The arrival of Old Mahon at the climax of the second act heightens the play’s comedy and introduces the conflict between Christy and his father. Christy assumed his father was dead and now must face his father’s wrath. Unwittingly, Old Mahon achieves his revenge by exposing Christy’s farce. Just as he reveals Christy’s vanity, he also talks about Christy’s laziness and unpopularity back home. In short, Christy is about as unheroic as they come. This scene develops the theme of Fathers and Obedience. Widow Quin—who represents disobedience in that she murdered the patriarch of her family—is hesitant to believe Old Mahon and quickly defends Christy. She insists that Old Mahon must have tormented him and is thus deserving of his son’s attempted murder. Old Mahon replies, “Torment him is it? And I after holding out with the patience of a martyred saint till there’s nothing but destruction on, and I’m driven out in my old age with none to aid me” (48). In The Playboy of the Western World, patricide is excused if the father has grown old, annoying, or gets in the way of what the younger son wants out of life.
Widow Quin is duplicitous and uses the tactic of making herself useful to others to break out of her unwanted status as an old widow. Throughout the play, she makes bargains with characters on all sides, acting on their behalf. In the first act, she checks on Christy at the bar on behalf of Father Reilly and Shawn.

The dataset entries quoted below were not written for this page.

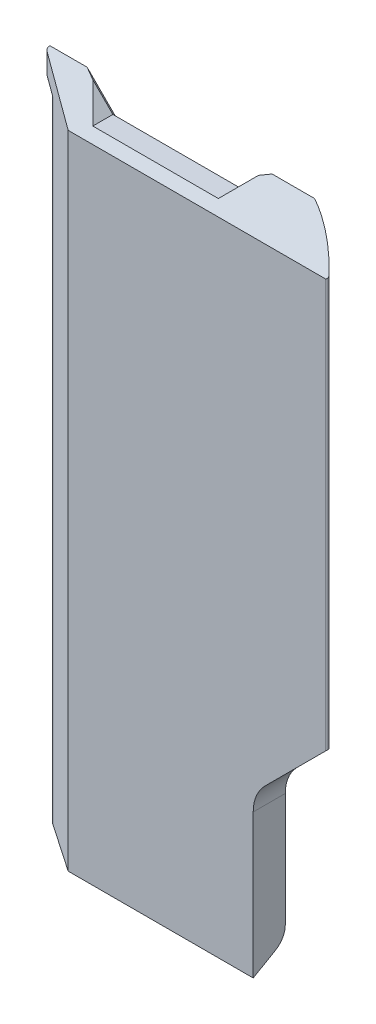
ISO-10303-21;
HEADER;
FILE_DESCRIPTION(('STEP AP214'),'2;1');
FILE_NAME('part.step','',(''),(''),'','','');
FILE_SCHEMA(('AUTOMOTIVE_DESIGN { 1 0 10303 214 1 1 1 1 }'));
ENDSEC;
DATA;
#1=APPLICATION_CONTEXT('core data for automotive mechanical design processes');
#2=APPLICATION_PROTOCOL_DEFINITION('international standard','automotive_design',2000,#1);
#3=PRODUCT_CONTEXT('',#1,'mechanical');
#4=PRODUCT('Part','Part','',(#3));
#5=PRODUCT_RELATED_PRODUCT_CATEGORY('part','',(#4));
#6=PRODUCT_DEFINITION_FORMATION('','',#4);
#7=PRODUCT_DEFINITION_CONTEXT('part definition',#1,'design');
#8=PRODUCT_DEFINITION('design','',#6,#7);
#9=PRODUCT_DEFINITION_SHAPE('','',#8);
#10=(LENGTH_UNIT() NAMED_UNIT(*) SI_UNIT(.MILLI.,.METRE.));
#11=(NAMED_UNIT(*) PLANE_ANGLE_UNIT() SI_UNIT($,.RADIAN.));
#12=(NAMED_UNIT(*) SI_UNIT($,.STERADIAN.) SOLID_ANGLE_UNIT());
#13=UNCERTAINTY_MEASURE_WITH_UNIT(LENGTH_MEASURE(1.E-05),#10,'distance_accuracy_value','');
#14=(GEOMETRIC_REPRESENTATION_CONTEXT(3) GLOBAL_UNCERTAINTY_ASSIGNED_CONTEXT((#13)) GLOBAL_UNIT_ASSIGNED_CONTEXT((#10,
#11,#12)) REPRESENTATION_CONTEXT('',''));
#15=CARTESIAN_POINT('',(0.,0.,0.));
#16=DIRECTION('',(0.,0.,1.));
#17=DIRECTION('',(1.,0.,0.));
#18=AXIS2_PLACEMENT_3D('',#15,#16,#17);
#19=CARTESIAN_POINT('',(-12.4999999999999,0.,21.6506350946109));
#20=DIRECTION('',(-0.499999999999998,0.,0.86602540378444));
#21=DIRECTION('',(0.86602540378444,0.,0.499999999999998));
#22=AXIS2_PLACEMENT_3D('',#19,#20,#21);
#23=PLANE('',#22);
#24=DIRECTION('',(-0.774596669241484,0.447213595499958,-0.447213595499956));
#25=VECTOR('',#24,1.);
#26=CARTESIAN_POINT('',(9.09845356715727,49.8794919243113,34.1205080756887));
#27=LINE('',#26,#25);
#28=CARTESIAN_POINT('',(-36.1435935394489,76.,8.));
#29=VERTEX_POINT('',#28);
#30=CARTESIAN_POINT('',(-48.7071796769725,83.2535898384863,0.746410161513777));
#31=VERTEX_POINT('',#30);
#32=EDGE_CURVE('E302',#29,#31,#27,.T.);
#33=ORIENTED_EDGE('',*,*,#32,.T.);
#34=DIRECTION('',(0.,-1.,0.));
#35=VECTOR('',#34,1.);
#36=CARTESIAN_POINT('',(-48.7071796769725,0.,0.746410161513777));
#37=LINE('',#36,#35);
#38=CARTESIAN_POINT('',(-48.7071796769725,78.1656854249492,0.746410161513777));
#39=VERTEX_POINT('',#38);
#40=EDGE_CURVE('E410',#31,#39,#37,.T.);
#41=ORIENTED_EDGE('',*,*,#40,.T.);
#42=DIRECTION('',(0.774596669241485,-0.447213595499957,0.447213595499956));
#43=VECTOR('',#42,1.);
#44=CARTESIAN_POINT('',(7.33595177749724,45.8091683934817,33.1029271929813));
#45=LINE('',#44,#43);
#46=CARTESIAN_POINT('',(-45.2430780618347,76.1656854249492,2.74641016151378));
#47=VERTEX_POINT('',#46);
#48=EDGE_CURVE('E408',#39,#47,#45,.T.);
#49=ORIENTED_EDGE('',*,*,#48,.T.);
#50=DIRECTION('',(0.,-1.,0.));
#51=VECTOR('',#50,1.);
#52=CARTESIAN_POINT('',(-45.2430780618347,0.,2.74641016151378));
#53=LINE('',#52,#51);
#54=CARTESIAN_POINT('',(-45.2430780618347,-80.9668384925381,2.74641016151378));
#55=VERTEX_POINT('',#54);
#56=EDGE_CURVE('E406',#47,#55,#53,.T.);
#57=ORIENTED_EDGE('',*,*,#56,.T.);
#58=DIRECTION('',(0.832050294337845,-0.277350098112614,0.480384461415259));
#59=VECTOR('',#58,1.);
#60=CARTESIAN_POINT('',(-33.7033533491883,-84.8134133967535,9.40887333073431));
#61=LINE('',#60,#59);
#62=CARTESIAN_POINT('',(-36.1435935394489,-84.,8.));
#63=VERTEX_POINT('',#62);
#64=EDGE_CURVE('E287',#55,#63,#61,.T.);
#65=ORIENTED_EDGE('',*,*,#64,.T.);
#66=DIRECTION('',(0.,1.,0.));
#67=VECTOR('',#66,1.);
#68=CARTESIAN_POINT('',(-36.1435935394489,0.,8.));
#69=LINE('',#68,#67);
#70=EDGE_CURVE('E295',#63,#29,#69,.T.);
#71=ORIENTED_EDGE('',*,*,#70,.T.);
#72=EDGE_LOOP('',(#33,#41,#49,#57,#65,#71));
#73=FACE_BOUND('',#72,.T.);
#74=ADVANCED_FACE('F39',(#73),#23,.T.);
#75=CARTESIAN_POINT('',(0.,0.,0.));
#76=DIRECTION('',(0.,0.,-1.));
#77=DIRECTION('',(-1.,0.,0.));
#78=AXIS2_PLACEMENT_3D('',#75,#76,#77);
#79=PLANE('',#78);
#80=DIRECTION('',(-1.,0.,0.));
#81=VECTOR('',#80,1.);
#82=CARTESIAN_POINT('',(-50.,78.,0.));
#83=LINE('',#82,#81);
#84=CARTESIAN_POINT('',(-41.8994949366117,78.,0.));
#85=VERTEX_POINT('',#84);
#86=CARTESIAN_POINT('',(-48.5071796769725,78.,0.));
#87=VERTEX_POINT('',#86);
#88=EDGE_CURVE('E374',#85,#87,#83,.T.);
#89=ORIENTED_EDGE('',*,*,#88,.T.);
#90=DIRECTION('',(0.,-1.,0.));
#91=VECTOR('',#90,1.);
#92=CARTESIAN_POINT('',(-48.5071796769725,0.,0.));
#93=LINE('',#92,#91);
#94=CARTESIAN_POINT('',(-48.5071796769725,84.,0.));
#95=VERTEX_POINT('',#94);
#96=EDGE_CURVE('E416',#87,#95,#93,.F.);
#97=ORIENTED_EDGE('',*,*,#96,.T.);
#98=DIRECTION('',(-1.,0.,0.));
#99=VECTOR('',#98,1.);
#100=CARTESIAN_POINT('',(-50.,84.,0.));
#101=LINE('',#100,#99);
#102=CARTESIAN_POINT('',(-39.4142135623731,84.,0.));
#103=VERTEX_POINT('',#102);
#104=EDGE_CURVE('E298',#103,#95,#101,.T.);
#105=ORIENTED_EDGE('',*,*,#104,.F.);
#106=DIRECTION('',(0.707106781186545,-0.70710678118655,0.));
#107=VECTOR('',#106,1.);
#108=CARTESIAN_POINT('',(-32.7071067811866,77.2928932188134,0.));
#109=LINE('',#108,#107);
#110=CARTESIAN_POINT('',(-32.4142135623731,77.,0.));
#111=VERTEX_POINT('',#110);
#112=EDGE_CURVE('E341',#103,#111,#109,.T.);
#113=ORIENTED_EDGE('',*,*,#112,.T.);
#114=DIRECTION('',(1.,0.,0.));
#115=VECTOR('',#114,1.);
#116=CARTESIAN_POINT('',(-0.69326392517994,77.,0.));
#117=LINE('',#116,#115);
#118=CARTESIAN_POINT('',(-0.279050362806846,77.,0.));
#119=VERTEX_POINT('',#118);
#120=EDGE_CURVE('E343',#111,#119,#117,.T.);
#121=ORIENTED_EDGE('',*,*,#120,.T.);
#122=DIRECTION('',(0.707106781186548,0.707106781186547,0.));
#123=VECTOR('',#122,1.);
#124=CARTESIAN_POINT('',(6.01384285600663,83.2928932188134,0.));
#125=LINE('',#124,#123);
#126=CARTESIAN_POINT('',(6.7209496371932,84.,0.));
#127=VERTEX_POINT('',#126);
#128=EDGE_CURVE('E345',#119,#127,#125,.T.);
#129=ORIENTED_EDGE('',*,*,#128,.T.);
#130=CARTESIAN_POINT('',(17.3067360748201,84.,0.));
#131=VERTEX_POINT('',#130);
#132=EDGE_CURVE('E303',#131,#127,#101,.T.);
#133=ORIENTED_EDGE('',*,*,#132,.F.);
#134=DIRECTION('',(0.,-1.,0.));
#135=VECTOR('',#134,1.);
#136=CARTESIAN_POINT('',(17.3067360748201,114.,0.));
#137=LINE('',#136,#135);
#138=CARTESIAN_POINT('',(17.3067360748201,-36.6932639251798,0.));
#139=VERTEX_POINT('',#138);
#140=EDGE_CURVE('E289',#131,#139,#137,.T.);
#141=ORIENTED_EDGE('',*,*,#140,.T.);
#142=DIRECTION('',(0.707106781186544,0.707106781186551,0.));
#143=VECTOR('',#142,1.);
#144=CARTESIAN_POINT('',(60.,6.00000000000048,0.));
#145=LINE('',#144,#143);
#146=CARTESIAN_POINT('',(12.9289321881345,-41.0710678118655,0.));
#147=VERTEX_POINT('',#146);
#148=EDGE_CURVE('E276',#147,#139,#145,.T.);
#149=ORIENTED_EDGE('',*,*,#148,.F.);
#150=CARTESIAN_POINT('',(20.,-48.1421356237309,0.));
#151=DIRECTION('',(0.,0.,-1.));
#152=DIRECTION('',(-1.,0.,0.));
#153=AXIS2_PLACEMENT_3D('',#150,#151,#152);
#154=CIRCLE('',#153,10.);
#155=CARTESIAN_POINT('',(9.99999999999999,-48.1421356237309,0.));
#156=VERTEX_POINT('',#155);
#157=EDGE_CURVE('E326',#147,#156,#154,.F.);
#158=ORIENTED_EDGE('',*,*,#157,.T.);
#159=DIRECTION('',(0.,1.,0.));
#160=VECTOR('',#159,1.);
#161=CARTESIAN_POINT('',(9.99999999999999,-44.,0.));
#162=LINE('',#161,#160);
#163=CARTESIAN_POINT('',(9.99999999999999,-76.4944465005349,0.));
#164=VERTEX_POINT('',#163);
#165=EDGE_CURVE('E269',#164,#156,#162,.T.);
#166=ORIENTED_EDGE('',*,*,#165,.F.);
#167=DIRECTION('',(-1.,0.,0.));
#168=VECTOR('',#167,1.);
#169=CARTESIAN_POINT('',(0.,-76.4944465005349,0.));
#170=LINE('',#169,#168);
#171=CARTESIAN_POINT('',(-34.,-76.4944465005349,0.));
#172=VERTEX_POINT('',#171);
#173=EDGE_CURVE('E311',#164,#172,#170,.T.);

Instead of fulfilling her duty to remove Christy from the pub, she expresses romantic interest in him. In the second act, she is just as enthralled by Christy’s story as the other women yet returns shortly after with Shawn to convince him to leave. At the end of the act, she betrays her alliance with Shawn when Christy bargains with her to win Pegeen Mike’s love. Each of these relationships is transactional in nature and is not emotionally deep. However, it is through these transactions that Widow Quin maintains agency in her life.